=== Records supplied ===

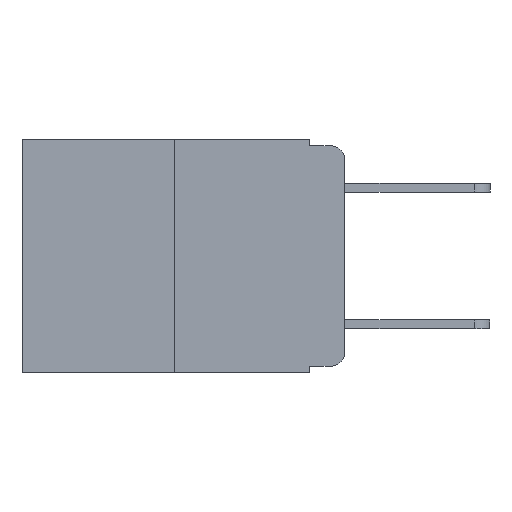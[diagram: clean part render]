
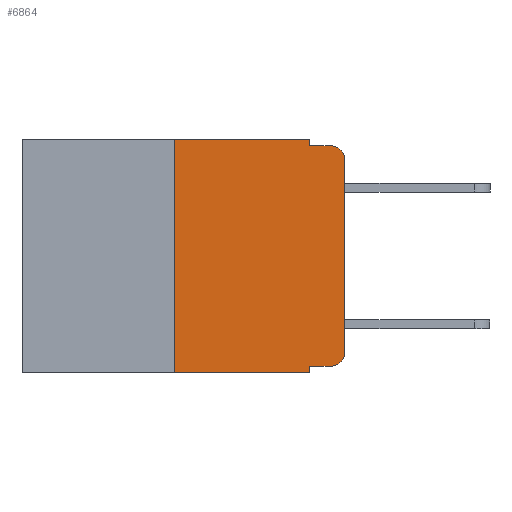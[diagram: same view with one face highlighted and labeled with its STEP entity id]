
A CAD part, left-side view. The second image highlights one B-rep face of the part: STEP entity #6864.
In plain terms, the highlighted planar face has unit normal (-1, 0, 0).
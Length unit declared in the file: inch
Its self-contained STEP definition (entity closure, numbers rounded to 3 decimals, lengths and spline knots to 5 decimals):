
#681 = LINE ( 'NONE', #15723, #5145 ) ;
#1129 = CARTESIAN_POINT ( 'NONE',  ( 0., 0.25, 0. ) ) ;
#1218 = VECTOR ( 'NONE', #4253, 39.37008 ) ;
#1243 = EDGE_CURVE ( 'NONE', #3272, #9378, #3192, .T. ) ;
#1646 = VECTOR ( 'NONE', #11759, 39.37008 ) ;
#1890 = EDGE_CURVE ( 'NONE', #12509, #4192, #8378, .T. ) ;
#2093 = CIRCLE ( 'NONE', #8024, 0.02 ) ;
#2127 = PLANE ( 'NONE',  #4280 ) ;
#2567 = EDGE_CURVE ( 'NONE', #6230, #12178, #5578, .T. ) ;
#2570 = EDGE_CURVE ( 'NONE', #12178, #9382, #2093, .T. ) ;
#2594 = EDGE_CURVE ( 'NONE', #13866, #9382, #11520, .T. ) ;
#2600 = EDGE_CURVE ( 'NONE', #9378, #13866, #681, .T. ) ;
#2632 = EDGE_CURVE ( 'NONE', #12509, #3272, #14220, .T. ) ;
#2635 = EDGE_CURVE ( 'NONE', #14396, #4192, #11143, .T. ) ;
#2673 = EDGE_CURVE ( 'NONE', #14396, #9621, #10024, .T. ) ;
#2700 = EDGE_CURVE ( 'NONE', #9621, #6230, #12828, .T. ) ;
#3192 = LINE ( 'NONE', #14193, #9908 ) ;
#3272 = VERTEX_POINT ( 'NONE', #1129 ) ;
#3546 = CARTESIAN_POINT ( 'NONE',  ( 0., 0.473, -0.343 ) ) ;
#4132 = CARTESIAN_POINT ( 'NONE',  ( 0., 0.051, -0.333 ) ) ;
#4192 = VERTEX_POINT ( 'NONE', #7828 ) ;
#4253 = DIRECTION ( 'NONE',  ( 0., -1., 0. ) ) ;
#4280 = AXIS2_PLACEMENT_3D ( 'NONE', #7891, #16033, #9158 ) ;
#4799 = CARTESIAN_POINT ( 'NONE',  ( 0., 0.02, -0.03 ) ) ;
#4805 = CARTESIAN_POINT ( 'NONE',  ( 0., 0.02, -0.313 ) ) ;
#4898 = AXIS2_PLACEMENT_3D ( 'NONE', #4805, #5875, #5800 ) ;
#4973 = EDGE_LOOP ( 'NONE', ( #11192, #11291, #11473, #11488, #11625, #11658, #12164, #12281, #12378, #12596 ) ) ;
#5145 = VECTOR ( 'NONE', #14976, 39.37008 ) ;
#5436 = DIRECTION ( 'NONE',  ( -1., 0., 0. ) ) ;
#5578 = LINE ( 'NONE', #15459, #1646 ) ;
#5800 = DIRECTION ( 'NONE',  ( 0., 0., -1. ) ) ;
#5875 = DIRECTION ( 'NONE',  ( -1., 0., 0. ) ) ;
#6230 = VERTEX_POINT ( 'NONE', #10674 ) ;
#6556 = DIRECTION ( 'NONE',  ( 0., -1., 0. ) ) ;
#6864 = ADVANCED_FACE ( 'NONE', ( #12406 ), #2127, .F. ) ;
#7828 = CARTESIAN_POINT ( 'NONE',  ( 0., 0.051, -0.343 ) ) ;
#7891 = CARTESIAN_POINT ( 'NONE',  ( 0., 0.473, 0. ) ) ;
#7929 = VECTOR ( 'NONE', #10915, 39.37008 ) ;
#8024 = AXIS2_PLACEMENT_3D ( 'NONE', #4799, #5436, #11597 ) ;
#8337 = VECTOR ( 'NONE', #6556, 39.37008 ) ;
#8378 = LINE ( 'NONE', #3546, #1218 ) ;
#9032 = CARTESIAN_POINT ( 'NONE',  ( 0., 0., -0.03 ) ) ;
#9158 = DIRECTION ( 'NONE',  ( 0., 0., -1. ) ) ;
#9378 = VERTEX_POINT ( 'NONE', #10975 ) ;
#9382 = VERTEX_POINT ( 'NONE', #9781 ) ;
#9621 = VERTEX_POINT ( 'NONE', #13528 ) ;
#9781 = CARTESIAN_POINT ( 'NONE',  ( 0., 0.02, -0.01 ) ) ;
#9908 = VECTOR ( 'NONE', #16583, 39.37008 ) ;
#10024 = LINE ( 'NONE', #13057, #13520 ) ;
#10656 = CARTESIAN_POINT ( 'NONE',  ( 0., 0.051, -0.01 ) ) ;
#10674 = CARTESIAN_POINT ( 'NONE',  ( 0., 0., -0.313 ) ) ;
#10915 = DIRECTION ( 'NONE',  ( 0., 0., -1. ) ) ;
#10975 = CARTESIAN_POINT ( 'NONE',  ( 0., 0.051, 0. ) ) ;
#11016 = CARTESIAN_POINT ( 'NONE',  ( 0., 0.051, 0. ) ) ;
#11143 = LINE ( 'NONE', #11016, #7929 ) ;
#11192 = ORIENTED_EDGE ( 'NONE', *, *, #2567, .T. ) ;
#11291 = ORIENTED_EDGE ( 'NONE', *, *, #2570, .T. ) ;
#11473 = ORIENTED_EDGE ( 'NONE', *, *, #2594, .F. ) ;
#11488 = ORIENTED_EDGE ( 'NONE', *, *, #2600, .F. ) ;
#11520 = LINE ( 'NONE', #14840, #8337 ) ;
#11597 = DIRECTION ( 'NONE',  ( 0., 0., -1. ) ) ;
#11625 = ORIENTED_EDGE ( 'NONE', *, *, #1243, .F. ) ;
#11658 = ORIENTED_EDGE ( 'NONE', *, *, #2632, .F. ) ;
#11759 = DIRECTION ( 'NONE',  ( 0., 0., 1. ) ) ;
#12035 = DIRECTION ( 'NONE',  ( 0., 0., 1. ) ) ;
#12164 = ORIENTED_EDGE ( 'NONE', *, *, #1890, .T. ) ;
#12178 = VERTEX_POINT ( 'NONE', #9032 ) ;
#12281 = ORIENTED_EDGE ( 'NONE', *, *, #2635, .F. ) ;
#12378 = ORIENTED_EDGE ( 'NONE', *, *, #2673, .T. ) ;
#12406 = FACE_OUTER_BOUND ( 'NONE', #4973, .T. ) ;
#12509 = VERTEX_POINT ( 'NONE', #15105 ) ;
#12596 = ORIENTED_EDGE ( 'NONE', *, *, #2700, .T. ) ;
#12691 = DIRECTION ( 'NONE',  ( 0., -1., 0. ) ) ;
#12828 = CIRCLE ( 'NONE', #4898, 0.02 ) ;
#12840 = CARTESIAN_POINT ( 'NONE',  ( 0., 0.25, 0. ) ) ;
#13057 = CARTESIAN_POINT ( 'NONE',  ( 0., 0.051, -0.333 ) ) ;
#13520 = VECTOR ( 'NONE', #12691, 39.37008 ) ;
#13528 = CARTESIAN_POINT ( 'NONE',  ( 0., 0.02, -0.333 ) ) ;
#13864 = VECTOR ( 'NONE', #12035, 39.37008 ) ;
#13866 = VERTEX_POINT ( 'NONE', #10656 ) ;
#14193 = CARTESIAN_POINT ( 'NONE',  ( 0., 0.473, 0. ) ) ;
#14220 = LINE ( 'NONE', #12840, #13864 ) ;
#14396 = VERTEX_POINT ( 'NONE', #4132 ) ;
#14840 = CARTESIAN_POINT ( 'NONE',  ( 0., 0.051, -0.01 ) ) ;
#14976 = DIRECTION ( 'NONE',  ( 0., 0., -1. ) ) ;
#15105 = CARTESIAN_POINT ( 'NONE',  ( 0., 0.25, -0.343 ) ) ;
#15459 = CARTESIAN_POINT ( 'NONE',  ( 0., 0., 0. ) ) ;
#15723 = CARTESIAN_POINT ( 'NONE',  ( 0., 0.051, 0. ) ) ;
#16033 = DIRECTION ( 'NONE',  ( 1., 0., 0. ) ) ;
#16583 = DIRECTION ( 'NONE',  ( 0., -1., 0. ) ) ;

===

Work instructions: Give an exact copy of the lines above from the line with "#13864 = VECTOR" up to and including the line with "#14840 = CARTESIAN_POINT", and leave everything else out.

Response box:
#13864 = VECTOR ( 'NONE', #12035, 39.37008 ) ;
#13866 = VERTEX_POINT ( 'NONE', #10656 ) ;
#14193 = CARTESIAN_POINT ( 'NONE',  ( 0., 0.473, 0. ) ) ;
#14220 = LINE ( 'NONE', #12840, #13864 ) ;
#14396 = VERTEX_POINT ( 'NONE', #4132 ) ;
#14840 = CARTESIAN_POINT ( 'NONE',  ( 0., 0.051, -0.01 ) ) ;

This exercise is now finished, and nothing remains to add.